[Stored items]
= Beginning of Section =

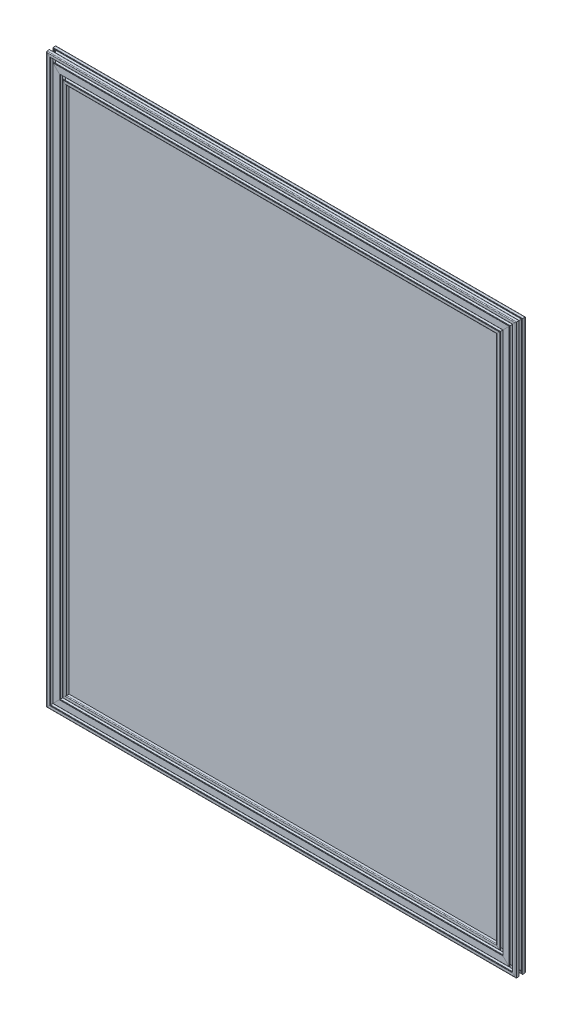
from build123d import *

# Parameters (mm, degrees)
F_20_X_40_X_R1_5_1_DEPTH      = 928.622776602
F_20_X_40_X_R1_5_1_DEPTH_BACK = 32.622776602
SKETCH1_R                     = 2.5
SKETCH1_ON_SEGMENT_2_R        = 2.5
F_20_X_40_X_R1_5_1_2_DEPTH    = 1161.745553203
SKETCH1_ON_SEGMENT_3_R        = 2.5
F_20_X_40_X_R1_5_1_3_DEPTH    = 961.245553203
SKETCH1_ON_SEGMENT_4_R        = 2.5
F_20_X_40_X_R1_5_1_4_DEPTH    = 1161.745553203
SKETCH_3_W                    = 896
SKETCH_3_H                    = 1096.5
SM_BASE_FLANGE_1_DEPTH        = 3


# Sheet-metal steps are written as plain solids
with BuildPart() as part:
    # Sketch1 → 铝型材 20 X 40 X R1.5(1) (new, two sides: drawn at the far end of the back side and taken through both)
    with BuildSketch(Plane(origin=(-448, -548.25, 0), x_dir=(0, 0, -1), z_dir=(1, 0, 0)).offset(-F_20_X_40_X_R1_5_1_DEPTH_BACK)):
        with BuildLine():
            Line((-3.6, 10), (-3.6, 9.5))
            Line((-3.6, 9.5), (-3.1, 9.5))
            Line((-3.1, 9.5), (-3.1, 8.5))
            Line((-3.1, 8.5), (-5.5, 8.5))
            Line((-5.5, 8.5), (-5.5, 6.65))
            Line((-5.5, 6.65), (-2.75, 3.9))
            Line((-2.75, 3.9), (2.75, 3.9))
            Line((2.75, 3.9), (5.5, 6.65))
            Line((5.5, 6.65), (5.5, 8.5))
            Line((5.5, 8.5), (3.1, 8.5))
            Line((3.1, 8.5), (3.1, 9.5))
            Line((3.1, 9.5), (3.6, 9.5))
            Line((3.6, 9.5), (3.6, 10))
            Line((3.6, 10), (8.5, 10))
            ThreePointArc((8.5, 10), (9.560660172, 9.560660172), (10, 8.5))
            Line((10, 8.5), (10, 3.6))
            Line((10, 3.6), (9.5, 3.6))
            Line((9.5, 3.6), (9.5, 3.1))
            Line((9.5, 3.1), (8.5, 3.1))
            Line((8.5, 3.1), (8.5, 5.5))
            Line((8.5, 5.5), (6.65, 5.5))
            Line((6.65, 5.5), (3.9, 2.75))
            Line((3.9, 2.75), (3.9, -2.75))
            Line((3.9, -2.75), (6.65, -5.5))
            Line((6.65, -5.5), (8.5, -5.5))
            Line((8.5, -5.5), (8.5, -3.1))
            Line((8.5, -3.1), (9.5, -3.1))
            Line((9.5, -3.1), (9.5, -3.6))
            Line((9.5, -3.6), (10, -3.6))
            Line((10, -3.6), (10, -16.4))
            Line((10, -16.4), (9.5, -16.4))
            Line((9.5, -16.4), (9.5, -16.9))
            Line((9.5, -16.9), (8.5, -16.9))
            Line((8.5, -16.9), (8.5, -14.5))
            Line((8.5, -14.5), (6.65, -14.5))
            Line((6.65, -14.5), (3.9, -17.25))
            Line((3.9, -17.25), (3.9, -22.75))
            Line((3.9, -22.75), (6.65, -25.5))
            Line((6.65, -25.5), (8.5, -25.5))
            Line((8.5, -25.5), (8.5, -23.1))
            Line((8.5, -23.1), (9.5, -23.1))
            Line((9.5, -23.1), (9.5, -23.6))
            Line((9.5, -23.6), (10, -23.6))
            Line((10, -23.6), (10, -28.5))
            ThreePointArc((10, -28.5), (9.560660172, -29.560660172), (8.5, -30))
            Line((8.5, -30), (3.6, -30))
            Line((3.6, -30), (3.6, -29.5))
            Line((3.6, -29.5), (3.1, -29.5))
            Line((3.1, -29.5), (3.1, -28.5))
            Line((3.1, -28.5), (5.5, -28.5))
            Line((5.5, -28.5), (5.5, -26.65))
            Line((5.5, -26.65), (2.75, -23.9))
            Line((2.75, -23.9), (-2.75, -23.9))
            Line((-2.75, -23.9), (-5.5, -26.65))
            Line((-5.5, -26.65), (-5.5, -28.5))
            Line((-5.5, -28.5), (-3.1, -28.5))
            Line((-3.1, -28.5), (-3.1, -29.5))
            Line((-3.1, -29.5), (-3.6, -29.5))
            Line((-3.6, -29.5), (-3.6, -30))
            Line((-3.6, -30), (-8.5, -30))
            ThreePointArc((-8.5, -30), (-9.560660172, -29.560660172), (-10, -28.5))
            Line((-10, -28.5), (-10, -23.6))
            Line((-10, -23.6), (-9.5, -23.6))
            Line((-9.5, -23.6), (-9.5, -23.1))
            Line((-9.5, -23.1), (-8.5, -23.1))
            Line((-8.5, -23.1), (-8.5, -25.5))
            Line((-8.5, -25.5), (-6.65, -25.5))
            Line((-6.65, -25.5), (-3.9, -22.75))
            Line((-3.9, -22.75), (-3.9, -17.25))
            Line((-3.9, -17.25), (-6.65, -14.5))
            Line((-6.65, -14.5), (-8.5, -14.5))
            Line((-8.5, -14.5), (-8.5, -16.9))
            Line((-8.5, -16.9), (-9.5, -16.9))
            Line((-9.5, -16.9), (-9.5, -16.4))
            Line((-9.5, -16.4), (-10, -16.4))
            Line((-10, -16.4), (-10, -3.6))
            Line((-10, -3.6), (-9.5, -3.6))
            Line((-9.5, -3.6), (-9.5, -3.1))
            Line((-9.5, -3.1), (-8.5, -3.1))
            Line((-8.5, -3.1), (-8.5, -5.5))
            Line((-8.5, -5.5), (-6.65, -5.5))
            Line((-6.65, -5.5), (-3.9, -2.75))
            Line((-3.9, -2.75), (-3.9, 2.75))
            Line((-3.9, 2.75), (-6.65, 5.5))
            Line((-6.65, 5.5), (-8.5, 5.5))
            Line((-8.5, 5.5), (-8.5, 3.1))
            Line((-8.5, 3.1), (-9.5, 3.1))
            Line((-9.5, 3.1), (-9.5, 3.6))
            Line((-9.5, 3.6), (-10, 3.6))
            Line((-10, 3.6), (-10, 8.5))
            ThreePointArc((-10, 8.5), (-9.560660172, 9.560660172), (-8.5, 10))
            Line((-8.5, 10), (-3.6, 10))
        make_face()
        Circle(SKETCH1_R, mode=Mode.SUBTRACT)
        with Locations((0, -20)):
            Circle(SKETCH1_R, mode=Mode.SUBTRACT)
        Polygon((8.85, -10), (2.75, -3.9), (-2.75, -3.9), (-8.85, -10), (-2.75, -16.1), (2.75, -16.1), align=None, mode=Mode.SUBTRACT)
    extrude(amount=F_20_X_40_X_R1_5_1_DEPTH + F_20_X_40_X_R1_5_1_DEPTH_BACK)

    # 铝型材 20 X 40 X R1.5(1) mitre 1
    split(bisect_by=Plane(origin=(-448, -548.25, 0), x_dir=(0.707106781, 0.707106781, 0), z_dir=(0.707106781, -0.707106781, 0)), keep=Keep.TOP)

    # 铝型材 20 X 40 X R1.5(1) mitre 2
    split(bisect_by=Plane(origin=(448, -548.25, 0), x_dir=(0.707106781, -0.707106781, 0), z_dir=(-0.707106781, -0.707106781, 0)), keep=Keep.TOP)


with BuildPart() as body_2:
    # Sketch1 on segment 2 (carried to segment 2) → 20 X 40 X R1.5_1 2 (new body)
    with BuildSketch(Plane(origin=(448, -580.872776602, 0), x_dir=(0, 0, -1), z_dir=(0, 1, 0))):
        with BuildLine():
            Line((-3.6, 10), (-3.6, 9.5))
            Line((-3.6, 9.5), (-3.1, 9.5))
            Line((-3.1, 9.5), (-3.1, 8.5))
            Line((-3.1, 8.5), (-5.5, 8.5))
            Line((-5.5, 8.5), (-5.5, 6.65))
            Line((-5.5, 6.65), (-2.75, 3.9))
            Line((-2.75, 3.9), (2.75, 3.9))
            Line((2.75, 3.9), (5.5, 6.65))
            Line((5.5, 6.65), (5.5, 8.5))
            Line((5.5, 8.5), (3.1, 8.5))
            Line((3.1, 8.5), (3.1, 9.5))
            Line((3.1, 9.5), (3.6, 9.5))
            Line((3.6, 9.5), (3.6, 10))
            Line((3.6, 10), (8.5, 10))
            ThreePointArc((8.5, 10), (9.560660172, 9.560660172), (10, 8.5))
            Line((10, 8.5), (10, 3.6))
            Line((10, 3.6), (9.5, 3.6))
            Line((9.5, 3.6), (9.5, 3.1))
            Line((9.5, 3.1), (8.5, 3.1))
            Line((8.5, 3.1), (8.5, 5.5))
            Line((8.5, 5.5), (6.65, 5.5))
            Line((6.65, 5.5), (3.9, 2.75))
            Line((3.9, 2.75), (3.9, -2.75))
            Line((3.9, -2.75), (6.65, -5.5))
            Line((6.65, -5.5), (8.5, -5.5))
            Line((8.5, -5.5), (8.5, -3.1))
            Line((8.5, -3.1), (9.5, -3.1))
            Line((9.5, -3.1), (9.5, -3.6))
            Line((9.5, -3.6), (10, -3.6))
            Line((10, -3.6), (10, -16.4))
            Line((10, -16.4), (9.5, -16.4))
            Line((9.5, -16.4), (9.5, -16.9))
            Line((9.5, -16.9), (8.5, -16.9))
            Line((8.5, -16.9), (8.5, -14.5))
            Line((8.5, -14.5), (6.65, -14.5))
            Line((6.65, -14.5), (3.9, -17.25))
            Line((3.9, -17.25), (3.9, -22.75))
            Line((3.9, -22.75), (6.65, -25.5))
            Line((6.65, -25.5), (8.5, -25.5))
            Line((8.5, -25.5), (8.5, -23.1))
            Line((8.5, -23.1), (9.5, -23.1))
            Line((9.5, -23.1), (9.5, -23.6))
            Line((9.5, -23.6), (10, -23.6))
            Line((10, -23.6), (10, -28.5))
            ThreePointArc((10, -28.5), (9.560660172, -29.560660172), (8.5, -30))
            Line((8.5, -30), (3.6, -30))
            Line((3.6, -30), (3.6, -29.5))
            Line((3.6, -29.5), (3.1, -29.5))
            Line((3.1, -29.5), (3.1, -28.5))
            Line((3.1, -28.5), (5.5, -28.5))
            Line((5.5, -28.5), (5.5, -26.65))
            Line((5.5, -26.65), (2.75, -23.9))
            Line((2.75, -23.9), (-2.75, -23.9))
            Line((-2.75, -23.9), (-5.5, -26.65))
            Line((-5.5, -26.65), (-5.5, -28.5))
            Line((-5.5, -28.5), (-3.1, -28.5))
            Line((-3.1, -28.5), (-3.1, -29.5))
            Line((-3.1, -29.5), (-3.6, -29.5))
            Line((-3.6, -29.5), (-3.6, -30))
            Line((-3.6, -30), (-8.5, -30))
            ThreePointArc((-8.5, -30), (-9.560660172, -29.560660172), (-10, -28.5))
            Line((-10, -28.5), (-10, -23.6))
            Line((-10, -23.6), (-9.5, -23.6))
            Line((-9.5, -23.6), (-9.5, -23.1))
            Line((-9.5, -23.1), (-8.5, -23.1))
            Line((-8.5, -23.1), (-8.5, -25.5))
            Line((-8.5, -25.5), (-6.65, -25.5))
            Line((-6.65, -25.5), (-3.9, -22.75))
            Line((-3.9, -22.75), (-3.9, -17.25))
            Line((-3.9, -17.25), (-6.65, -14.5))
            Line((-6.65, -14.5), (-8.5, -14.5))
            Line((-8.5, -14.5), (-8.5, -16.9))
            Line((-8.5, -16.9), (-9.5, -16.9))
            Line((-9.5, -16.9), (-9.5, -16.4))
            Line((-9.5, -16.4), (-10, -16.4))
            Line((-10, -16.4), (-10, -3.6))
            Line((-10, -3.6), (-9.5, -3.6))
            Line((-9.5, -3.6), (-9.5, -3.1))
            Line((-9.5, -3.1), (-8.5, -3.1))
            Line((-8.5, -3.1), (-8.5, -5.5))
            Line((-8.5, -5.5), (-6.65, -5.5))
            Line((-6.65, -5.5), (-3.9, -2.75))
            Line((-3.9, -2.75), (-3.9, 2.75))
            Line((-3.9, 2.75), (-6.65, 5.5))
            Line((-6.65, 5.5), (-8.5, 5.5))
            Line((-8.5, 5.5), (-8.5, 3.1))
            Line((-8.5, 3.1), (-9.5, 3.1))
            Line((-9.5, 3.1), (-9.5, 3.6))
            Line((-9.5, 3.6), (-10, 3.6))
            Line((-10, 3.6), (-10, 8.5))
            ThreePointArc((-10, 8.5), (-9.560660172, 9.560660172), (-8.5, 10))
            Line((-8.5, 10), (-3.6, 10))
        make_face()
        Circle(SKETCH1_ON_SEGMENT_2_R, mode=Mode.SUBTRACT)
        with Locations((0, -20)):
            Circle(SKETCH1_ON_SEGMENT_2_R, mode=Mode.SUBTRACT)
        Polygon((8.85, -10), (2.75, -3.9), (-2.75, -3.9), (-8.85, -10), (-2.75, -16.1), (2.75, -16.1), align=None, mode=Mode.SUBTRACT)
    extrude(amount=F_20_X_40_X_R1_5_1_2_DEPTH)

    # 20 X 40 X R1.5_1 2 mitre 1
    split(bisect_by=Plane(origin=(448, 548.25, 0), x_dir=(0.707106781, 0.707106781, 0), z_dir=(0.707106781, -0.707106781, 0)), keep=Keep.TOP)

    # 20 X 40 X R1.5_1 2 mitre 2
    split(bisect_by=Plane(origin=(448, -548.25, 0), x_dir=(-0.707106781, 0.707106781, 0), z_dir=(0.707106781, 0.707106781, 0)), keep=Keep.TOP)


with BuildPart() as body_3:
    # Sketch1 on segment 3 (carried to segment 3) → 20 X 40 X R1.5_1 3 (new body)
    with BuildSketch(Plane(origin=(480.622776602, 548.25, 0), x_dir=(0, 0, -1), z_dir=(-1, 0, 0))):
        with BuildLine():
            Line((-3.6, 10), (-3.6, 9.5))
            Line((-3.6, 9.5), (-3.1, 9.5))
            Line((-3.1, 9.5), (-3.1, 8.5))
            Line((-3.1, 8.5), (-5.5, 8.5))
            Line((-5.5, 8.5), (-5.5, 6.65))
            Line((-5.5, 6.65), (-2.75, 3.9))
            Line((-2.75, 3.9), (2.75, 3.9))
            Line((2.75, 3.9), (5.5, 6.65))
            Line((5.5, 6.65), (5.5, 8.5))
            Line((5.5, 8.5), (3.1, 8.5))
            Line((3.1, 8.5), (3.1, 9.5))
            Line((3.1, 9.5), (3.6, 9.5))
            Line((3.6, 9.5), (3.6, 10))
            Line((3.6, 10), (8.5, 10))
            ThreePointArc((8.5, 10), (9.560660172, 9.560660172), (10, 8.5))
            Line((10, 8.5), (10, 3.6))
            Line((10, 3.6), (9.5, 3.6))
            Line((9.5, 3.6), (9.5, 3.1))
            Line((9.5, 3.1), (8.5, 3.1))
            Line((8.5, 3.1), (8.5, 5.5))
            Line((8.5, 5.5), (6.65, 5.5))
            Line((6.65, 5.5), (3.9, 2.75))
            Line((3.9, 2.75), (3.9, -2.75))
            Line((3.9, -2.75), (6.65, -5.5))
            Line((6.65, -5.5), (8.5, -5.5))
            Line((8.5, -5.5), (8.5, -3.1))
            Line((8.5, -3.1), (9.5, -3.1))
            Line((9.5, -3.1), (9.5, -3.6))
            Line((9.5, -3.6), (10, -3.6))
            Line((10, -3.6), (10, -16.4))
            Line((10, -16.4), (9.5, -16.4))
            Line((9.5, -16.4), (9.5, -16.9))
            Line((9.5, -16.9), (8.5, -16.9))
            Line((8.5, -16.9), (8.5, -14.5))
            Line((8.5, -14.5), (6.65, -14.5))
            Line((6.65, -14.5), (3.9, -17.25))
            Line((3.9, -17.25), (3.9, -22.75))
            Line((3.9, -22.75), (6.65, -25.5))
            Line((6.65, -25.5), (8.5, -25.5))
            Line((8.5, -25.5), (8.5, -23.1))
            Line((8.5, -23.1), (9.5, -23.1))
            Line((9.5, -23.1), (9.5, -23.6))
            Line((9.5, -23.6), (10, -23.6))
            Line((10, -23.6), (10, -28.5))
            ThreePointArc((10, -28.5), (9.560660172, -29.560660172), (8.5, -30))
            Line((8.5, -30), (3.6, -30))
            Line((3.6, -30), (3.6, -29.5))
            Line((3.6, -29.5), (3.1, -29.5))
            Line((3.1, -29.5), (3.1, -28.5))
            Line((3.1, -28.5), (5.5, -28.5))
            Line((5.5, -28.5), (5.5, -26.65))
            Line((5.5, -26.65), (2.75, -23.9))
            Line((2.75, -23.9), (-2.75, -23.9))
            Line((-2.75, -23.9), (-5.5, -26.65))
            Line((-5.5, -26.65), (-5.5, -28.5))
            Line((-5.5, -28.5), (-3.1, -28.5))
            Line((-3.1, -28.5), (-3.1, -29.5))
            Line((-3.1, -29.5), (-3.6, -29.5))
            Line((-3.6, -29.5), (-3.6, -30))
            Line((-3.6, -30), (-8.5, -30))
            ThreePointArc((-8.5, -30), (-9.560660172, -29.560660172), (-10, -28.5))
            Line((-10, -28.5), (-10, -23.6))
            Line((-10, -23.6), (-9.5, -23.6))
            Line((-9.5, -23.6), (-9.5, -23.1))
            Line((-9.5, -23.1), (-8.5, -23.1))
            Line((-8.5, -23.1), (-8.5, -25.5))
            Line((-8.5, -25.5), (-6.65, -25.5))
            Line((-6.65, -25.5), (-3.9, -22.75))
            Line((-3.9, -22.75), (-3.9, -17.25))
            Line((-3.9, -17.25), (-6.65, -14.5))
            Line((-6.65, -14.5), (-8.5, -14.5))
            Line((-8.5, -14.5), (-8.5, -16.9))
            Line((-8.5, -16.9), (-9.5, -16.9))
            Line((-9.5, -16.9), (-9.5, -16.4))
            Line((-9.5, -16.4), (-10, -16.4))
            Line((-10, -16.4), (-10, -3.6))
            Line((-10, -3.6), (-9.5, -3.6))
            Line((-9.5, -3.6), (-9.5, -3.1))
            Line((-9.5, -3.1), (-8.5, -3.1))
            Line((-8.5, -3.1), (-8.5, -5.5))
            Line((-8.5, -5.5), (-6.65, -5.5))
            Line((-6.65, -5.5), (-3.9, -2.75))
            Line((-3.9, -2.75), (-3.9, 2.75))
            Line((-3.9, 2.75), (-6.65, 5.5))
            Line((-6.65, 5.5), (-8.5, 5.5))
            Line((-8.5, 5.5), (-8.5, 3.1))
            Line((-8.5, 3.1), (-9.5, 3.1))
            Line((-9.5, 3.1), (-9.5, 3.6))
            Line((-9.5, 3.6), (-10, 3.6))
            Line((-10, 3.6), (-10, 8.5))
            ThreePointArc((-10, 8.5), (-9.560660172, 9.560660172), (-8.5, 10))
            Line((-8.5, 10), (-3.6, 10))
        make_face()
        Circle(SKETCH1_ON_SEGMENT_3_R, mode=Mode.SUBTRACT)
        with Locations((0, -20)):
            Circle(SKETCH1_ON_SEGMENT_3_R, mode=Mode.SUBTRACT)
        Polygon((8.85, -10), (2.75, -3.9), (-2.75, -3.9), (-8.85, -10), (-2.75, -16.1), (2.75, -16.1), align=None, mode=Mode.SUBTRACT)
    extrude(amount=F_20_X_40_X_R1_5_1_3_DEPTH)

    # 20 X 40 X R1.5_1 3 mitre 1
    split(bisect_by=Plane(origin=(-448, 548.25, 0), x_dir=(-0.707106781, 0.707106781, 0), z_dir=(0.707106781, 0.707106781, 0)), keep=Keep.TOP)

    # 20 X 40 X R1.5_1 3 mitre 2
    split(bisect_by=Plane(origin=(448, 548.25, 0), x_dir=(-0.707106781, -0.707106781, 0), z_dir=(-0.707106781, 0.707106781, 0)), keep=Keep.TOP)


with BuildPart() as body_4:
    # Sketch1 on segment 4 (carried to segment 4) → 20 X 40 X R1.5_1 4 (new body)
    with BuildSketch(Plane(origin=(-448, 580.872776602, 0), x_dir=(0, 0, -1), z_dir=(0, -1, 0))):
        with BuildLine():
            Line((-3.6, 10), (-3.6, 9.5))
            Line((-3.6, 9.5), (-3.1, 9.5))
            Line((-3.1, 9.5), (-3.1, 8.5))
            Line((-3.1, 8.5), (-5.5, 8.5))
            Line((-5.5, 8.5), (-5.5, 6.65))
            Line((-5.5, 6.65), (-2.75, 3.9))
            Line((-2.75, 3.9), (2.75, 3.9))
            Line((2.75, 3.9), (5.5, 6.65))
            Line((5.5, 6.65), (5.5, 8.5))
            Line((5.5, 8.5), (3.1, 8.5))
            Line((3.1, 8.5), (3.1, 9.5))
            Line((3.1, 9.5), (3.6, 9.5))
            Line((3.6, 9.5), (3.6, 10))
            Line((3.6, 10), (8.5, 10))
            ThreePointArc((8.5, 10), (9.560660172, 9.560660172), (10, 8.5))
            Line((10, 8.5), (10, 3.6))
            Line((10, 3.6), (9.5, 3.6))
            Line((9.5, 3.6), (9.5, 3.1))
            Line((9.5, 3.1), (8.5, 3.1))
            Line((8.5, 3.1), (8.5, 5.5))
            Line((8.5, 5.5), (6.65, 5.5))
            Line((6.65, 5.5), (3.9, 2.75))
            Line((3.9, 2.75), (3.9, -2.75))
            Line((3.9, -2.75), (6.65, -5.5))
            Line((6.65, -5.5), (8.5, -5.5))
            Line((8.5, -5.5), (8.5, -3.1))
            Line((8.5, -3.1), (9.5, -3.1))
            Line((9.5, -3.1), (9.5, -3.6))
            Line((9.5, -3.6), (10, -3.6))
            Line((10, -3.6), (10, -16.4))
            Line((10, -16.4), (9.5, -16.4))
            Line((9.5, -16.4), (9.5, -16.9))
            Line((9.5, -16.9), (8.5, -16.9))
            Line((8.5, -16.9), (8.5, -14.5))
            Line((8.5, -14.5), (6.65, -14.5))
            Line((6.65, -14.5), (3.9, -17.25))
            Line((3.9, -17.25), (3.9, -22.75))
            Line((3.9, -22.75), (6.65, -25.5))
            Line((6.65, -25.5), (8.5, -25.5))
            Line((8.5, -25.5), (8.5, -23.1))
            Line((8.5, -23.1), (9.5, -23.1))
            Line((9.5, -23.1), (9.5, -23.6))
            Line((9.5, -23.6), (10, -23.6))
            Line((10, -23.6), (10, -28.5))
            ThreePointArc((10, -28.5), (9.560660172, -29.560660172), (8.5, -30))
            Line((8.5, -30), (3.6, -30))
            Line((3.6, -30), (3.6, -29.5))
            Line((3.6, -29.5), (3.1, -29.5))
            Line((3.1, -29.5), (3.1, -28.5))
            Line((3.1, -28.5), (5.5, -28.5))
            Line((5.5, -28.5), (5.5, -26.65))
            Line((5.5, -26.65), (2.75, -23.9))
            Line((2.75, -23.9), (-2.75, -23.9))
            Line((-2.75, -23.9), (-5.5, -26.65))
            Line((-5.5, -26.65), (-5.5, -28.5))
            Line((-5.5, -28.5), (-3.1, -28.5))
            Line((-3.1, -28.5), (-3.1, -29.5))
            Line((-3.1, -29.5), (-3.6, -29.5))
            Line((-3.6, -29.5), (-3.6, -30))
            Line((-3.6, -30), (-8.5, -30))
            ThreePointArc((-8.5, -30), (-9.560660172, -29.560660172), (-10, -28.5))
            Line((-10, -28.5), (-10, -23.6))
            Line((-10, -23.6), (-9.5, -23.6))
            Line((-9.5, -23.6), (-9.5, -23.1))
            Line((-9.5, -23.1), (-8.5, -23.1))
            Line((-8.5, -23.1), (-8.5, -25.5))
            Line((-8.5, -25.5), (-6.65, -25.5))
            Line((-6.65, -25.5), (-3.9, -22.75))
            Line((-3.9, -22.75), (-3.9, -17.25))
            Line((-3.9, -17.25), (-6.65, -14.5))
            Line((-6.65, -14.5), (-8.5, -14.5))
            Line((-8.5, -14.5), (-8.5, -16.9))
            Line((-8.5, -16.9), (-9.5, -16.9))
            Line((-9.5, -16.9), (-9.5, -16.4))
            Line((-9.5, -16.4), (-10, -16.4))
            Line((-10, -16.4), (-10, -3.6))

= End of Section =

→ EXERCISE REQUIREMENTS
Considering the records line by line, how many lines hold the string "Plane"? Say only the number.

→ REPLY TO THE TASK
10